§ **Records from a data source**:

########################################

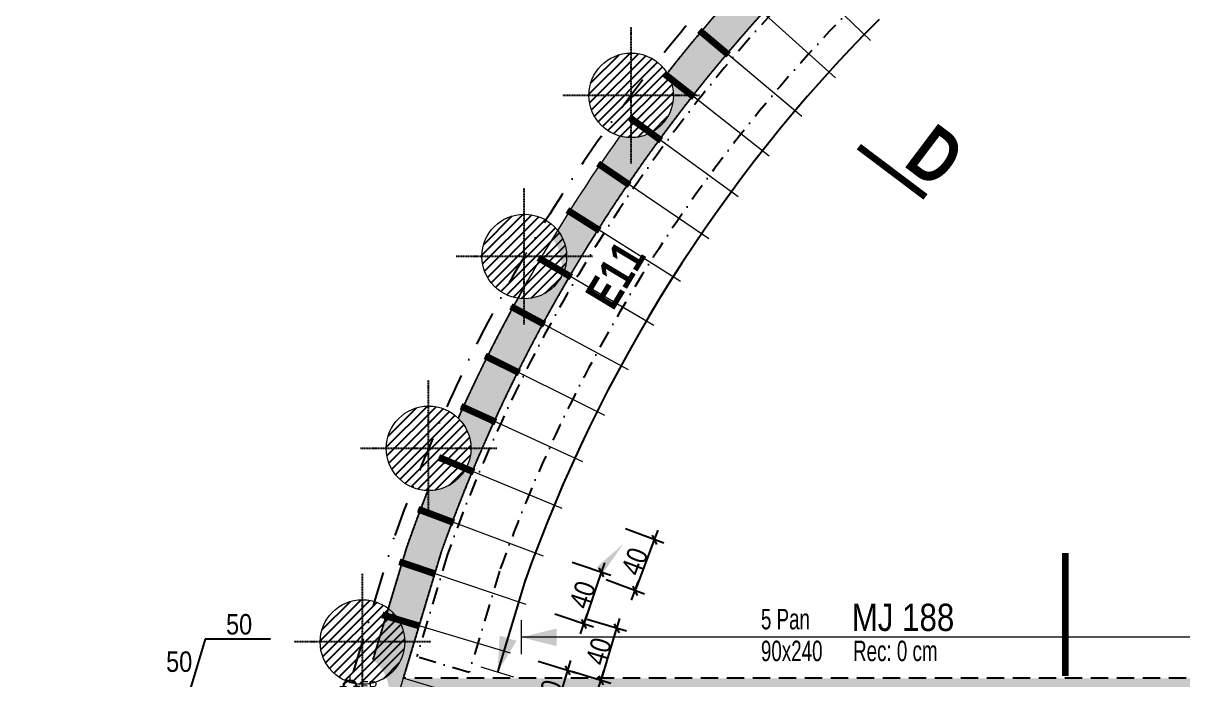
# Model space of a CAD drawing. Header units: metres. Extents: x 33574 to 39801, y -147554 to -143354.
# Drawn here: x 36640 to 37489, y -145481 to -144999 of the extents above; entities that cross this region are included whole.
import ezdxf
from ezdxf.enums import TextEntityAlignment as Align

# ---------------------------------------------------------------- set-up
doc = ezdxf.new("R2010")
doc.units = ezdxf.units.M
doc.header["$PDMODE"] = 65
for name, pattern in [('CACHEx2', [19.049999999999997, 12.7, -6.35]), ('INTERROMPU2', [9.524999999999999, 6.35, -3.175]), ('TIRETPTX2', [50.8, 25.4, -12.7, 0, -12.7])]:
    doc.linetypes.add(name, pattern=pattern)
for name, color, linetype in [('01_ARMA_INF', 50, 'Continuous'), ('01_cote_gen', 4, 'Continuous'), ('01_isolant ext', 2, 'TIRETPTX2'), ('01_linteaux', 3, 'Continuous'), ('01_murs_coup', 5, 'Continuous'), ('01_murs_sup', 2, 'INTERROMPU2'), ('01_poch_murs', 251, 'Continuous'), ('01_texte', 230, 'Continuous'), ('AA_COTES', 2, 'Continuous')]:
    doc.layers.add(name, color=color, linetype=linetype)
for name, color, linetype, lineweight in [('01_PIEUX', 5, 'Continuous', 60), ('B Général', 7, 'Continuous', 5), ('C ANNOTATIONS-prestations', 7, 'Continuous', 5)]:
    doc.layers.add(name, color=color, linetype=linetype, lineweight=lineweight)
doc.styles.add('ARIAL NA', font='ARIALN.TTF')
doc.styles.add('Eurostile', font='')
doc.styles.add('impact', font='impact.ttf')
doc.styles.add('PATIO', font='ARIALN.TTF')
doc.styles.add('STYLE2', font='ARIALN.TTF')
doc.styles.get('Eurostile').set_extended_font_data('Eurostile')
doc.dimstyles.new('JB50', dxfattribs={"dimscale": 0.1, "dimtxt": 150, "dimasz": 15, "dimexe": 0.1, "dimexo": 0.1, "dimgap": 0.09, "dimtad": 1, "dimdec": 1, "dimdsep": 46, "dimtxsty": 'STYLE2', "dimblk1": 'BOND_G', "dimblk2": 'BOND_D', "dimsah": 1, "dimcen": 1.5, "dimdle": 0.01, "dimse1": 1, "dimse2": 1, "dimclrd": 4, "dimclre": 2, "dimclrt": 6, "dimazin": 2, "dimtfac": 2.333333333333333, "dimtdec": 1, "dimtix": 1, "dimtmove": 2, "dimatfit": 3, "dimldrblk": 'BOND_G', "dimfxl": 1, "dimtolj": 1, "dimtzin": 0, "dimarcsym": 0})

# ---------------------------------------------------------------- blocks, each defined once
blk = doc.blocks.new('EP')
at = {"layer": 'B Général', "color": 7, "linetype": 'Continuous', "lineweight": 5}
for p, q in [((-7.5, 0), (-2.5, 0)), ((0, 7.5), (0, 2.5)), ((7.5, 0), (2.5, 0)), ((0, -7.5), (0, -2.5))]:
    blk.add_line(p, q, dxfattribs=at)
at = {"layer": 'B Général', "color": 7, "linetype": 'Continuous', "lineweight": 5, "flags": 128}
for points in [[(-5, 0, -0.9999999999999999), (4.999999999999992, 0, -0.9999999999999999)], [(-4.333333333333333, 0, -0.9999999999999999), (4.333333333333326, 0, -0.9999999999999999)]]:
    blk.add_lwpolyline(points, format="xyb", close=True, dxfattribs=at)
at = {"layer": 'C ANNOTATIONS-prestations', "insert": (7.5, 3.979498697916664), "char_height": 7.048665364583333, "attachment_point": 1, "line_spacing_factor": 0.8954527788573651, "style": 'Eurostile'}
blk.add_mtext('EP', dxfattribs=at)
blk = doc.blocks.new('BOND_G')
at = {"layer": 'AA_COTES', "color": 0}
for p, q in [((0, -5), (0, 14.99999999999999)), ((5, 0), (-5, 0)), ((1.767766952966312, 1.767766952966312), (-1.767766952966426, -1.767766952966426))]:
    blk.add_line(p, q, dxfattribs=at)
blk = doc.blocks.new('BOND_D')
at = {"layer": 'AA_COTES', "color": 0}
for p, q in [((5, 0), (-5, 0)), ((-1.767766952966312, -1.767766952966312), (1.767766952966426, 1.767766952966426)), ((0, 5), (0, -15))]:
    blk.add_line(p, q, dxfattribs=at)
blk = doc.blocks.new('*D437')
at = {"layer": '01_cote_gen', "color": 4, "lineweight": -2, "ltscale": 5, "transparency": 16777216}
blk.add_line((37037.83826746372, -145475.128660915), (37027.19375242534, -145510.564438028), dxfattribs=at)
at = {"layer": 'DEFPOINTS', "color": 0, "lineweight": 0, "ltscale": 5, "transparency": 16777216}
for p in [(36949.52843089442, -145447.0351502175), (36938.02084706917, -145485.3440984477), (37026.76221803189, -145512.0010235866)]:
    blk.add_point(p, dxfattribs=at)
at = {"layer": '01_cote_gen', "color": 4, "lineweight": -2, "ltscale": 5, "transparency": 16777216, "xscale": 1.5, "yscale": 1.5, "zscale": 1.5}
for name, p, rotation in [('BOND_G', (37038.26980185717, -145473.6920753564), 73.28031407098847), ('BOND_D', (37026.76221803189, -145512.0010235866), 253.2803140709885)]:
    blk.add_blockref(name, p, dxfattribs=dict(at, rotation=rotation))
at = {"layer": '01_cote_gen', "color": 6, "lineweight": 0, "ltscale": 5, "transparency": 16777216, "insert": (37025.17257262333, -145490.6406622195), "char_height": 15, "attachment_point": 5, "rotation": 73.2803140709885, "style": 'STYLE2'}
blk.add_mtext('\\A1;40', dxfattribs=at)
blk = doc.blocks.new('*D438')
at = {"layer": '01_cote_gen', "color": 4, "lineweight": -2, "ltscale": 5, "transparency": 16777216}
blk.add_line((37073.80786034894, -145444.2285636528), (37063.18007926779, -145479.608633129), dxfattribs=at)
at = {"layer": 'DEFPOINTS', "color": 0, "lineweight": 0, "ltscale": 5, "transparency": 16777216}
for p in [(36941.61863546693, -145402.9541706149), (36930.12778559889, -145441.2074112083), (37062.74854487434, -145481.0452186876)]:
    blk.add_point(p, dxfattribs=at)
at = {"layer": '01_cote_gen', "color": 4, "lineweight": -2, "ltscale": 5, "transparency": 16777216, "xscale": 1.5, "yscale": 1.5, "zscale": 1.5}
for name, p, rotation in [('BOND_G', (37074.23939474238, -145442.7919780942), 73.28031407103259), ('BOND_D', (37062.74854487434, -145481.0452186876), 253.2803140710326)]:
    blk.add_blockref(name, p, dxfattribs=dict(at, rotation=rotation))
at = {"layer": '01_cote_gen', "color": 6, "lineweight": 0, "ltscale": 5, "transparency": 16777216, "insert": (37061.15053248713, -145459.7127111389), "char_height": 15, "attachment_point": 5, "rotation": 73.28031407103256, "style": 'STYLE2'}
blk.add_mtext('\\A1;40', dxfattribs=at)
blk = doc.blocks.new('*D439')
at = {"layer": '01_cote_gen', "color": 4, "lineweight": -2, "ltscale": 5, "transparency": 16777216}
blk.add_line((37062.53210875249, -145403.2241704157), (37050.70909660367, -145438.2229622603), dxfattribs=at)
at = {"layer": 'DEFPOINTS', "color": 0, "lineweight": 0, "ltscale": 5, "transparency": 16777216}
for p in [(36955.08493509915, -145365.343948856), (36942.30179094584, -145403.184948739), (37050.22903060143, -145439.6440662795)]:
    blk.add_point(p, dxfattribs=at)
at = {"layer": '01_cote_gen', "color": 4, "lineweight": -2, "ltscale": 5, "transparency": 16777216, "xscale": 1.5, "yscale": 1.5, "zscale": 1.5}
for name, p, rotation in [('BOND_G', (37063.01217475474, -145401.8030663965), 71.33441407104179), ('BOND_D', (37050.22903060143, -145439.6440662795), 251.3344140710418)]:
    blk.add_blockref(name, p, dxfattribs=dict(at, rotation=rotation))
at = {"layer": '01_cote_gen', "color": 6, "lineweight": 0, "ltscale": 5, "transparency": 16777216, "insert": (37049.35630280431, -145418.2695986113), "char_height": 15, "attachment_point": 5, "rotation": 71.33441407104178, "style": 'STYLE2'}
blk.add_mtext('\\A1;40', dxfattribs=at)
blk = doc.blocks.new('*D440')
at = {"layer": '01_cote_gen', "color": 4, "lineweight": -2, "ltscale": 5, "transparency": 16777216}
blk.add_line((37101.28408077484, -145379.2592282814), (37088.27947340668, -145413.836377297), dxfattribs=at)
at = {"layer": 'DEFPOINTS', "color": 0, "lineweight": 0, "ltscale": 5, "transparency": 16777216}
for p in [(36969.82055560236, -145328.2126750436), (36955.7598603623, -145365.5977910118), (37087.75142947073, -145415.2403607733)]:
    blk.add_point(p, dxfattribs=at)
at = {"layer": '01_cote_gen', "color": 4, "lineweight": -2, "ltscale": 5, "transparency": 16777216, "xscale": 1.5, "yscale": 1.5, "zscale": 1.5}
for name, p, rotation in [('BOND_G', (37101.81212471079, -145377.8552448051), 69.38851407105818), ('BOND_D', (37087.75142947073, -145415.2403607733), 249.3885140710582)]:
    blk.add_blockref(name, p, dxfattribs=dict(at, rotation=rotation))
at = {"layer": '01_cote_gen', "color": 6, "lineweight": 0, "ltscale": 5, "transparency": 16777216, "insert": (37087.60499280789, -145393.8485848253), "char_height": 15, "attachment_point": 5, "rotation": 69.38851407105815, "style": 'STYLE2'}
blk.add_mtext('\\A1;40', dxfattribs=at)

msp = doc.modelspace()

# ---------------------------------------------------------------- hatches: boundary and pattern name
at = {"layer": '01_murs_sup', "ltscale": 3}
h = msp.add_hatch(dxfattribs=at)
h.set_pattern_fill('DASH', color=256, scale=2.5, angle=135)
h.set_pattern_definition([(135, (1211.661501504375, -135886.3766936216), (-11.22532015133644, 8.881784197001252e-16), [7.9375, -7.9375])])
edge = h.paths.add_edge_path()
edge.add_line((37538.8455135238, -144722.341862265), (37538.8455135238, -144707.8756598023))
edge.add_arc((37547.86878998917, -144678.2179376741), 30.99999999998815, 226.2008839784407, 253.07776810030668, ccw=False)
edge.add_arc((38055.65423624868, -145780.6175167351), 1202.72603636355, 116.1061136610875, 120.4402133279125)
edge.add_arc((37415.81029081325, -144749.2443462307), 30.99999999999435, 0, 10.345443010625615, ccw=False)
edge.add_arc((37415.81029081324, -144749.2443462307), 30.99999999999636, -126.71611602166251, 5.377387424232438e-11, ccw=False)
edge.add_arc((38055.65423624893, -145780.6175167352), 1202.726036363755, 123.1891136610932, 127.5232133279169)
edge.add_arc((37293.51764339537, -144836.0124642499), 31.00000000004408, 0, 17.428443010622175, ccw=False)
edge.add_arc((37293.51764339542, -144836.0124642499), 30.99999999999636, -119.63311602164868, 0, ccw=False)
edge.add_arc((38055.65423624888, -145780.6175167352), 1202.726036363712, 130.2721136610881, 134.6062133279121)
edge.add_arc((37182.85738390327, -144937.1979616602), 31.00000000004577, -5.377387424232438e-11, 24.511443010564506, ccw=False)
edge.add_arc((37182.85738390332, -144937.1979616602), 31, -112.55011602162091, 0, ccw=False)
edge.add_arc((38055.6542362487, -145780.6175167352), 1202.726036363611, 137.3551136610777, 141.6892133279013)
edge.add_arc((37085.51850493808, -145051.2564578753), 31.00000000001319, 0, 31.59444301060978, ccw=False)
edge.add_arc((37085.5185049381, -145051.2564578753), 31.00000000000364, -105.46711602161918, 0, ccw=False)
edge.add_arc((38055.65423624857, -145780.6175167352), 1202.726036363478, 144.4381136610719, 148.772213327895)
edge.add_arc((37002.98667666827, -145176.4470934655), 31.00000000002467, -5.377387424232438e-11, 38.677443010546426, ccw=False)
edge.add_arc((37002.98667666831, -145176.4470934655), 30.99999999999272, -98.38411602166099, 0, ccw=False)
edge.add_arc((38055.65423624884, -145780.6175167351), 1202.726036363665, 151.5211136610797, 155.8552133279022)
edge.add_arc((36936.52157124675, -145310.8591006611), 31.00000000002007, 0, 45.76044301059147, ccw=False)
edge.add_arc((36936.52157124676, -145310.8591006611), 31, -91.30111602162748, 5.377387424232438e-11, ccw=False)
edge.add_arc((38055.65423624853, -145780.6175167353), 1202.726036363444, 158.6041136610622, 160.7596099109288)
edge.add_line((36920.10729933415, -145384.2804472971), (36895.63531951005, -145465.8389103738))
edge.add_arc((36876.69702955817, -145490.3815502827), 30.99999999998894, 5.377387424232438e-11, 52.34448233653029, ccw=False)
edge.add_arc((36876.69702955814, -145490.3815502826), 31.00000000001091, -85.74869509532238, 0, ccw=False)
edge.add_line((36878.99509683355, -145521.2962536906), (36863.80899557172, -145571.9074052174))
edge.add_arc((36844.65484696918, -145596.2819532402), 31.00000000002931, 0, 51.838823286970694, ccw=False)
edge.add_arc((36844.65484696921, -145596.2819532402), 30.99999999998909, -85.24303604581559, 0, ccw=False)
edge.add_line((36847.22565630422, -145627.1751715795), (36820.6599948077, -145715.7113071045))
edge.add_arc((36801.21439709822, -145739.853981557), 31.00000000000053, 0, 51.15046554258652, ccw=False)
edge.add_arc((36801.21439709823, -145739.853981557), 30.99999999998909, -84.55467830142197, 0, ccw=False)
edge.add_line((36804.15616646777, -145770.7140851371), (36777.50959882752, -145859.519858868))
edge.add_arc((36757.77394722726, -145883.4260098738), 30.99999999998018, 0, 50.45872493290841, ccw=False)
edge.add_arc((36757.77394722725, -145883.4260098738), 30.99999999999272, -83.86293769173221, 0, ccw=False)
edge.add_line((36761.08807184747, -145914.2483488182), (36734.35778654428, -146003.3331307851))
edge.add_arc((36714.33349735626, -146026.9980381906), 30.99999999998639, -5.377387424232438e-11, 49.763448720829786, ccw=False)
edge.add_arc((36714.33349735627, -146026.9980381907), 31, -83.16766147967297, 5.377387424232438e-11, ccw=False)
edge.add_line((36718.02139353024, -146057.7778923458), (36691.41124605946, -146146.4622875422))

########################################

§ **Exercise**: Of the entries above, repeat exactly the lines from the line with "-119.63311602164868, 0, ccw=False)" through the line with "1202.726036363712, 130.2721136610881, 134.6062133279121)", both of them included.

§ **Output for this task**:
edge.add_arc((37293.51764339542, -144836.0124642499), 30.99999999999636, -119.63311602164868, 0, ccw=False)
edge.add_arc((38055.65423624888, -145780.6175167352), 1202.726036363712, 130.2721136610881, 134.6062133279121)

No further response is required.